> [PROMPT]:
Look below for the line that has "with BuildPart() as". Set down the lines from there through the line that has "# Diam_tre du", exactly as written.

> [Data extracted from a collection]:
+++
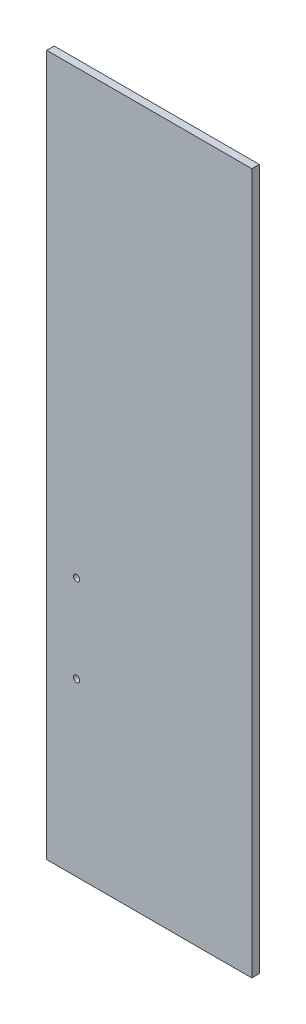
from build123d import *

# Parameters (mm, degrees)
ESQUISSE1_W                           = 275
ESQUISSE1_H                           = 940
EXTRUSION1_DEPTH                      = 10
DIAM_TRE_DU_PER_AGE_M8_5_8_500000_1_D = 8.5


with BuildPart() as part:
    # Esquisse1 → Extrusion1 (new body)
    with BuildSketch(Plane.XY):
        with Locations((137.5, 470)):
            Rectangle(ESQUISSE1_W, ESQUISSE1_H)
    extrude(amount=EXTRUSION1_DEPTH)

    # Diam_tre du per_age M8.5 _8.500000_1 (through all)
    with Locations(Plane.XY.offset(10)):
        with Locations((40, 347), (40, 230)):
            Hole(DIAM_TRE_DU_PER_AGE_M8_5_8_500000_1_D / 2)


solid = part.part
+++
> [RESPONSE]:
with BuildPart() as part:
    # Esquisse1 → Extrusion1 (new body)
    with BuildSketch(Plane.XY):
        with Locations((137.5, 470)):
            Rectangle(ESQUISSE1_W, ESQUISSE1_H)
    extrude(amount=EXTRUSION1_DEPTH)

    # Diam_tre du per_age M8.5 _8.500000_1 (through all)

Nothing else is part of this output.